AIM OF THE EXERCISE: Indicate only the number of lines in the listing below in which the word "header" appears.

DATA PROVIDED:
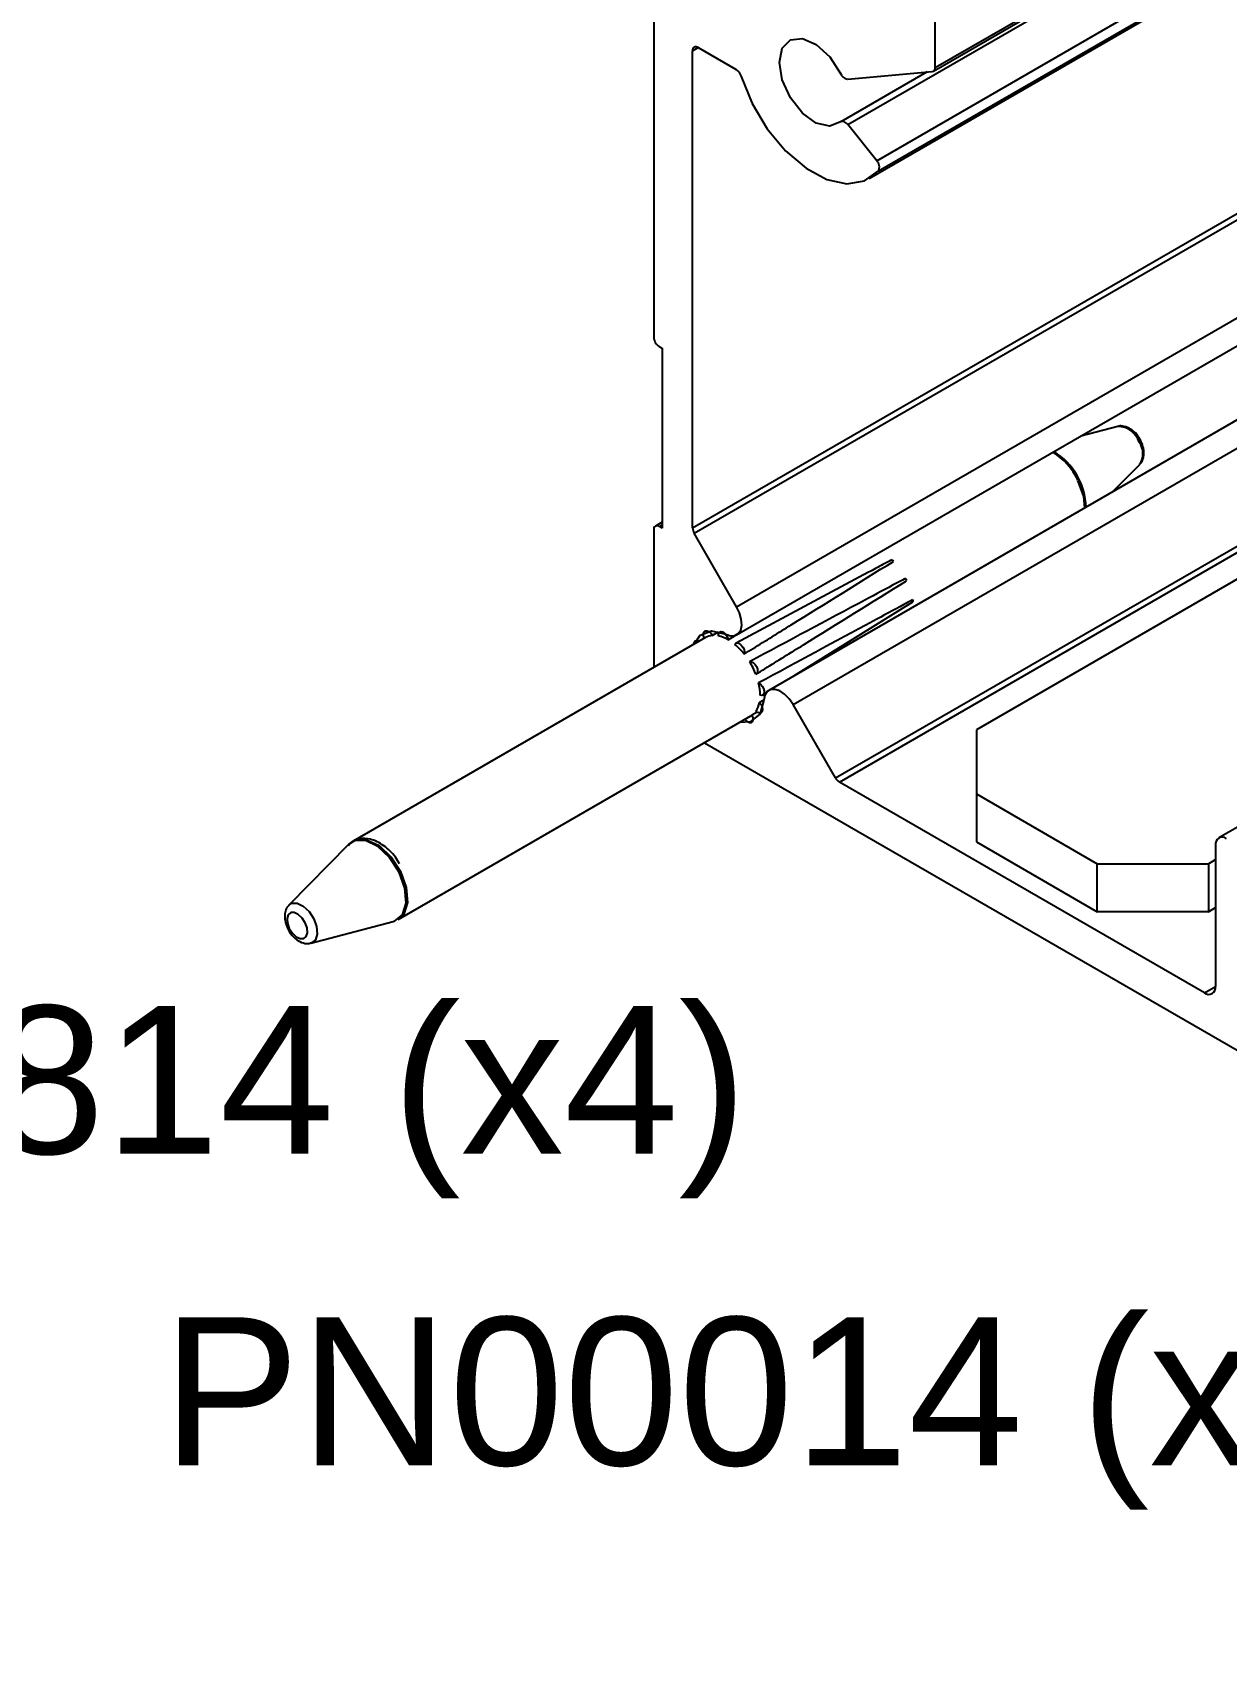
# Model space of a CAD drawing. Extents: x -0.6 to 13.4, y -11.2 to 0.
# Drawn here: x 4.839 to 6.357, y -5.199 to -3.14 of the extents above; entities that cross this region are included whole.
import ezdxf
from ezdxf import colors
from ezdxf.entities.mleader import LeaderData, LeaderLine
from ezdxf.math import Vec2, Vec3

# ---------------------------------------------------------------- set-up
doc = ezdxf.new("R2010")
doc.units = 0
doc.header["$LTSCALE"] = 0.5
doc.header["$MEASUREMENT"] = 0
for name, color, linetype in [('Brackets', 181, 'CONTINUOUS'), ('FAB DWG', 221, 'CONTINUOUS'), ('Hardware', 242, 'CONTINUOUS'), ('Housing', 150, 'CONTINUOUS')]:
    doc.layers.add(name, color=color, linetype=linetype)
doc.styles.get("Standard").update_dxf_attribs({"font": 'arial.ttf'})

msp = doc.modelspace()

# ---------------------------------------------------------------- linework, layer by layer
at = {"layer": 'Brackets', "linetype": 'Continuous', "lineweight": 25, "transparency": 16777216}
for p, q in [((6.8841, -3.539), (6.0391, -4.0268)), ((6.0391, -4.0268), (6.0391, -4.1084)), ((6.0391, -4.1084), (6.1927, -4.1971)), ((6.0391, -4.1084), (6.0391, -4.1694)), ((6.0391, -4.1694), (6.1927, -4.2581)), ((6.1927, -4.1971), (6.3341, -4.1971)), ((6.1927, -4.2581), (6.1927, -4.1971)), ((6.3341, -4.1971), (6.3431, -4.1919)), ((6.3341, -4.1971), (6.3341, -4.2581)), ((6.3341, -4.2581), (6.1927, -4.2581)), ((6.3341, -4.2581), (6.3431, -4.2529))]:
    msp.add_line(p, q, dxfattribs=at)
at = {"layer": 'Hardware', "linetype": 'Continuous', "lineweight": 25, "transparency": 16777216}
for p, q in [((6.2188, -3.6413), (6.1719, -3.6535)), ((6.2127, -3.7241), (6.2467, -3.6896)), ((5.902, -3.8266), (5.7334, -3.9168)), ((5.8071, -3.9582), (5.9583, -3.8643)), ((5.6947, -3.9097), (5.2464, -4.1685)), ((5.7032, -3.9071), (5.7109, -3.9025)), ((5.7235, -3.9125), (5.7344, -3.9059)), ((5.7686, -3.9892), (5.7632, -3.9922)), ((5.7675, -3.9828), (5.7711, -3.9806)), ((5.3038, -4.2681), (5.7522, -4.0093)), ((5.7602, -4.0045), (5.7537, -4.0083)), ((5.2408, -4.1728), (5.1648, -4.2497)), ((5.1927, -4.298), (5.2974, -4.2707))]:
    msp.add_line(p, q, dxfattribs=at)
at = {"layer": 'Hardware', "linetype": 'Continuous', "lineweight": 25, "transparency": 16777216, "flags": 128}
for points in [[(6.1771, -3.7446), (6.1755, -3.7302), (6.1681, -3.7098)], [(5.6933, -3.9106), (5.6922, -3.9074), (5.692, -3.9045), (5.6928, -3.9023), (5.6943, -3.9011), (5.6965, -3.901), (5.6989, -3.9021), (5.7012, -3.9042), (5.7032, -3.9071)], [(5.7109, -3.9076), (5.7111, -3.9048), (5.7122, -3.9029), (5.714, -3.9021), (5.7162, -3.9025), (5.7187, -3.904), (5.7209, -3.9064), (5.7226, -3.9094), (5.7235, -3.9125)], [(5.6798, -3.9183), (5.6798, -3.9178), (5.6802, -3.9153), (5.6815, -3.9137), (5.6835, -3.9132), (5.6859, -3.9138), (5.6866, -3.9143)], [(5.7319, -3.9184), (5.7333, -3.9169), (5.7353, -3.9165), (5.7377, -3.9173), (5.7401, -3.9191), (5.7421, -3.9218), (5.7436, -3.9249), (5.7442, -3.928), (5.7438, -3.9306)], [(5.7507, -3.9403), (5.7529, -3.9403), (5.7553, -3.9415), (5.7576, -3.9437), (5.7595, -3.9466), (5.7606, -3.9498), (5.7609, -3.9527), (5.7602, -3.955), (5.7587, -3.9563)], [(5.7621, -3.9673), (5.7646, -3.9689), (5.7667, -3.9714), (5.7684, -3.9744), (5.7692, -3.9775), (5.7691, -3.9803), (5.7681, -3.9823), (5.7664, -3.9832), (5.7641, -3.983)], [(5.7632, -3.9922), (5.7652, -3.9949), (5.7666, -3.998), (5.7671, -4.0011), (5.7667, -4.0036), (5.7654, -4.0052), (5.7634, -4.0058), (5.7611, -4.0051), (5.7587, -4.0033)], [(5.7537, -4.0083), (5.7547, -4.0115), (5.7549, -4.0144), (5.7541, -4.0166), (5.7526, -4.0179), (5.7504, -4.0179), (5.748, -4.0168), (5.7457, -4.0147), (5.7448, -4.0135)], [(5.7537, -4.0083), (5.7526, -4.009), (5.7522, -4.0093)], [(5.3051, -4.2079), (5.2929, -4.1893), (5.2778, -4.1751), (5.2621, -4.1677), (5.2481, -4.1681), (5.2408, -4.1728)], [(5.2464, -4.1685), (5.2495, -4.167), (5.2636, -4.1666), (5.2794, -4.1741), (5.2945, -4.1883), (5.3067, -4.207), (5.3141, -4.2275), (5.3155, -4.2466), (5.3108, -4.2613), (5.3038, -4.2681)], [(5.2974, -4.2707), (5.299, -4.2702), (5.3091, -4.262), (5.3138, -4.2473), (5.3124, -4.2283), (5.3051, -4.2079)], [(5.1856, -4.2722), (5.1817, -4.2662), (5.1768, -4.2616), (5.1717, -4.2592), (5.1672, -4.2593), (5.164, -4.262), (5.1625, -4.2667), (5.1629, -4.2729), (5.1653, -4.2794), (5.1692, -4.2855), (5.1741, -4.29), (5.1792, -4.2924), (5.1837, -4.2923), (5.1869, -4.2896), (5.1884, -4.2849), (5.188, -4.2788), (5.1856, -4.2722)], [(5.1648, -4.2497), (5.1684, -4.2474), (5.1753, -4.2472), (5.1831, -4.2509), (5.1905, -4.2579), (5.1965, -4.2671)], [(5.1965, -4.2671), (5.2001, -4.2771), (5.2008, -4.2865), (5.1985, -4.2938), (5.1935, -4.2978), (5.1927, -4.298)]]:
    msp.add_lwpolyline(points, dxfattribs=at)
at = {"layer": 'Hardware', "linetype": 'Continuous', "lineweight": 25, "transparency": 16777216}
for centre, radius, start, end in [((6.2185, -3.6703), 0.0291, 18.3942, 89.3496), ((6.226, -3.6758), 0.0249, 326.3998, 36.1445), ((6.0932, -3.7442), 0.0824, 24.7326, 58.4336), ((6.0926, -3.7464), 0.0859, 1.6977, 58.3053), ((5.9313, -3.813), 0.00219, 3.9779, 84.8056), ((5.9477, -3.8368), 0.00255, 350.3634, 62.6458), ((5.9568, -3.8633), 0.00188, 324.6138, 52.8303), ((5.7048, -3.9274), 0.0204, 94.6297, 119.6174), ((5.7019, -3.9487), 0.0421, 59.21, 77.6626), ((5.6787, -3.9824), 0.0832, 38.5402, 50.2433), ((5.6673, -3.9919), 0.098, 21.2586, 31.7506), ((5.6972, -3.9835), 0.0669, 0.444, 13.9838), ((5.7342, -3.9867), 0.0295, 325.8745, 349.3036)]:
    msp.add_arc(centre, radius, start, end, dxfattribs=at)
for points, knots in [([(6.2481, -3.6595), (6.2465, -3.6568), (6.2431, -3.6508), (6.2356, -3.6442), (6.2276, -3.6409), (6.2216, -3.6402), (6.2191, -3.6413), (6.2188, -3.6415)], [0, 0, 0, 0, 0.236723, 0.514261, 0.76482, 0.971563, 1, 1, 1, 1]), ([(6.2466, -3.6892), (6.2473, -3.6886), (6.2497, -3.6866), (6.2517, -3.681), (6.2525, -3.6733), (6.2509, -3.6657), (6.2488, -3.661), (6.2481, -3.6595)], [0, 0, 0, 0, 0.090569, 0.309638, 0.556534, 0.852345, 1, 1, 1, 1]), ([(5.7438, -3.9306), (5.7475, -3.9282), (5.7675, -3.9159), (5.8308, -3.8766), (5.8902, -3.8397), (5.9335, -3.8128)], [0, 0, 0, 0, 0.058989, 0.315059, 1, 1, 1, 1]), ([(5.9315, -3.8108), (5.931, -3.8111), (5.9272, -3.8131), (5.9173, -3.8184), (5.9079, -3.8234), (5.9019, -3.8267)], [0, 0, 0, 0, 0.050327, 0.387382, 1, 1, 1, 1]), ([(5.9488, -3.8346), (5.9484, -3.8348), (5.9446, -3.8368), (5.9276, -3.8458), (5.862, -3.8808), (5.7998, -3.9141), (5.7507, -3.9403)], [0, 0, 0, 0, 0.007458, 0.057409, 0.257212, 1, 1, 1, 1]), ([(5.7587, -3.9563), (5.7625, -3.954), (5.7826, -3.9415), (5.8465, -3.9019), (5.9065, -3.8645), (5.9502, -3.8373)], [0, 0, 0, 0, 0.058989, 0.3150592, 1, 1, 1, 1]), ([(5.9579, -3.8618), (5.9574, -3.862), (5.9537, -3.864), (5.9369, -3.873), (5.8722, -3.9079), (5.8106, -3.9411), (5.7621, -3.9673)], [0, 0, 0, 0, 0.007458, 0.057409, 0.257212, 1, 1, 1, 1]), ([(5.3053, -4.1971), (5.3037, -4.1943), (5.2985, -4.1851), (5.2854, -4.1733), (5.2694, -4.165), (5.2546, -4.1646), (5.2443, -4.1684), (5.2411, -4.1731), (5.2403, -4.1742)], [0, 0, 0, 0, 0.102405, 0.333473, 0.572838, 0.76586, 0.941201, 1, 1, 1, 1]), ([(5.1651, -4.25), (5.1641, -4.2509), (5.1615, -4.2534), (5.1596, -4.2594), (5.1592, -4.2674), (5.1616, -4.277), (5.167, -4.2866), (5.1745, -4.2942), (5.1825, -4.2981), (5.1889, -4.2992), (5.1918, -4.2981), (5.1924, -4.2978)], [0, 0, 0, 0, 0.060468, 0.16314, 0.281339, 0.421688, 0.568699, 0.717499, 0.856532, 0.970405, 1, 1, 1, 1])]:
    msp.add_open_spline(points, degree=3, knots=knots, dxfattribs=at)
at = {"layer": 'Housing', "linetype": 'Continuous', "lineweight": 25, "transparency": 16777216}
for p, q in [((5.9865, -3.185), (8.0096, -2.0171)), ((5.8754, -3.2575), (8.0166, -2.0214)), ((5.9844, -3.1896), (8.0125, -2.0188)), ((5.6287, -2.0613), (5.6287, -3.5275)), ((5.9123, -3.3034), (7.6157, -2.3201)), ((5.9027, -3.3261), (7.6157, -2.3372)), ((5.9146, -3.3164), (7.6157, -2.3344)), ((5.6782, -3.77), (7.7006, -2.6025)), ((5.6803, -3.7769), (7.7006, -2.6106)), ((5.7342, -3.8704), (7.7006, -2.7352)), ((5.7342, -3.9062), (7.7006, -2.771)), ((5.9865, -3.185), (5.9865, -2.842)), ((7.6026, -2.9217), (5.775, -3.9768)), ((5.806, -3.9947), (7.6026, -2.9575)), ((5.6782, -3.1637), (5.6853, -3.1596)), ((5.6782, -3.77), (5.6782, -3.1637)), ((5.6853, -3.1596), (5.7336, -3.1876)), ((5.9763, -3.1906), (5.8668, -3.2538)), ((5.8754, -3.1997), (5.983, -3.19)), ((5.9123, -3.3034), (5.8754, -3.2575)), ((5.8599, -4.0881), (6.9205, -3.4758)), ((5.8649, -4.0934), (6.9134, -3.4881)), ((5.6358, -3.5398), (5.6393, -3.5418)), ((5.6393, -3.5418), (5.6393, -3.7704)), ((5.6393, -3.763), (5.6308, -3.7679)), ((5.6358, -3.7684), (5.6393, -3.7664)), ((5.6287, -3.7725), (5.6287, -3.9478)), ((5.6393, -3.7704), (5.6358, -3.7684)), ((5.7342, -3.8704), (5.6803, -3.7769)), ((6.651, -3.989), (6.3473, -4.1643)), ((5.8599, -4.0881), (5.806, -3.9947)), ((5.6933, -4.0433), (6.576, -4.5529)), ((6.329, -4.3613), (5.8649, -4.0934)), ((6.3431, -4.1735), (6.3431, -4.3531)), ((6.329, -4.3613), (6.3431, -4.3531))]:
    msp.add_line(p, q, dxfattribs=at)
at = {"layer": 'Housing', "linetype": 'Continuous', "lineweight": 25, "transparency": 16777216, "flags": 128}
for points in [[(5.8663, -3.2542), (5.8526, -3.2596), (5.8355, -3.2556), (5.8178, -3.2428), (5.8025, -3.2234), (5.7922, -3.2007), (5.7885, -3.1784), (5.7922, -3.1604), (5.8025, -3.1496), (5.8178, -3.1479), (5.8355, -3.1555), (5.8526, -3.1712), (5.8663, -3.1924)], [(5.7401, -3.1962), (5.7538, -3.2305), (5.7731, -3.2629), (5.7965, -3.291), (5.8224, -3.313), (5.849, -3.3272), (5.8744, -3.3327), (5.8968, -3.329), (5.9146, -3.3164)], [(5.8754, -3.2575), (5.8742, -3.2562), (5.873, -3.2551), (5.8717, -3.2543), (5.8705, -3.2537), (5.8693, -3.2534), (5.8681, -3.2534), (5.8671, -3.2537), (5.8663, -3.2542)], [(5.7203, -3.9055), (5.7264, -3.9075), (5.7318, -3.9072), (5.7363, -3.9046), (5.7393, -3.9001), (5.7406, -3.8938), (5.7401, -3.8863), (5.738, -3.8783), (5.7342, -3.8704)], [(5.6807, -3.9178), (5.688, -3.9065), (5.7023, -3.901), (5.7203, -3.9055)], [(5.7686, -3.9892), (5.7635, -4.007), (5.7515, -4.0167), (5.7382, -4.0174)], [(5.806, -3.9947), (5.801, -3.9875), (5.7951, -3.9816), (5.7889, -3.9775), (5.7828, -3.9755), (5.7773, -3.9758), (5.7729, -3.9783), (5.7699, -3.9829), (5.7686, -3.9892)]]:
    msp.add_lwpolyline(points, dxfattribs=at)
at = {"layer": 'Housing', "linetype": 'Continuous', "lineweight": 25, "transparency": 16777216}
for centre, radius, start, end in [((5.6825, -3.163), 0.00437, 50.7967, 189.214), ((5.7252, -3.2007), 0.0156, 16.4267, 57.1694), ((5.9822, -3.1857), 0.0044, 280.5468, 9.2519), ((5.8768, -3.1885), 0.0112, 199.9889, 262.5983), ((5.9044, -3.3115), 0.0113, 334.3332, 45.7334), ((5.6441, -3.5268), 0.0154, 182.6055, 237.3945), ((5.633, -3.7718), 0.00437, 50.7967, 189.214), ((5.6926, -3.7695), 0.0144, 181.9565, 211.1437), ((5.8725, -4.0811), 0.0144, 208.8556, 238.0453), ((6.3517, -4.1721), 0.00873, 50.7967, 189.214), ((6.3345, -4.3545), 0.00873, 230.7967, 9.214)]:
    msp.add_arc(centre, radius, start, end, dxfattribs=at)

# ---------------------------------------------------------------- leaders
at = {"layer": 'FAB DWG', "transparency": 16777216}
ml = msp.add_multileader_mtext('Standard', dxfattribs=at)
ml.set_content('HW00814 (x4)', color=256)
ml.set_leader_properties()
ml.build(insert=Vec2(0, 0))
ml.multileader.update_dxf_attribs({"dogleg_length": 0.3345, "arrow_head_size": 0.2})
ctx = ml.context
ctx.base_point, ctx.char_height, ctx.arrow_head_size, ctx.landing_gap_size, ctx.plane_origin = Vec3(3.9653, -4.4994), 0.188, 0.2, 0.12, Vec3(1.8032, -3.3009)
ctx.text_align_type = 2
notes = []
notes.append((ctx, [(0, (1, 1, 0), (3.6307, -4.4994), (1, 0), 0.3345, [(0, [(3.0836, -3.8797)], 0, [])])]))
ctx.mtext.insert, ctx.mtext.width, ctx.mtext.defined_height, ctx.mtext.alignment, ctx.mtext.flow_direction = Vec3(5.7479, -4.3778), 2.307685, 0.426, 3, 5
ml = msp.add_multileader_mtext('Standard', dxfattribs=at)
ml.set_content('PN00014 (x4)', color=256)
ml.set_leader_properties()
ml.build(insert=Vec2(0, 0))
ml.multileader.update_dxf_attribs({"dogleg_length": 0.3345, "arrow_head_size": 0.2})
ctx = ml.context
ctx.base_point, ctx.char_height, ctx.arrow_head_size, ctx.landing_gap_size, ctx.plane_origin = Vec3(4.8835, -4.8955), 0.188, 0.2, 0.12, Vec3(8.6728, -4.7823)
notes.append((ctx, [(0, (1, 1, 0), (7.0487, -4.8955), (-1, 0), 0.3345, [(0, [(7.3253, -5.1988)], 0, [])])]))
ctx.mtext.insert, ctx.mtext.width, ctx.mtext.defined_height, ctx.mtext.flow_direction = Vec3(5.0035, -4.7738), 2.307685, 0.426, 5
for ctx, leaders in notes:
    for number, flags, end, landing, length, lines in leaders:
        leader = LeaderData()
        leader.index, (leader.has_last_leader_line, leader.has_dogleg_vector, leader.attachment_direction) = number, flags
        leader.last_leader_point, leader.dogleg_vector, leader.dogleg_length = Vec3(end), Vec3(landing), length
        for number, points, colour, breaks in lines:
            line = LeaderLine()
            line.index, line.vertices, line.color, line.breaks = number, Vec3.list(points), colors.encode_raw_color(colour), breaks
            leader.lines.append(line)
        ctx.leaders.append(leader)

doc.saveas('drawing.dxf')

TASK RESULT: 2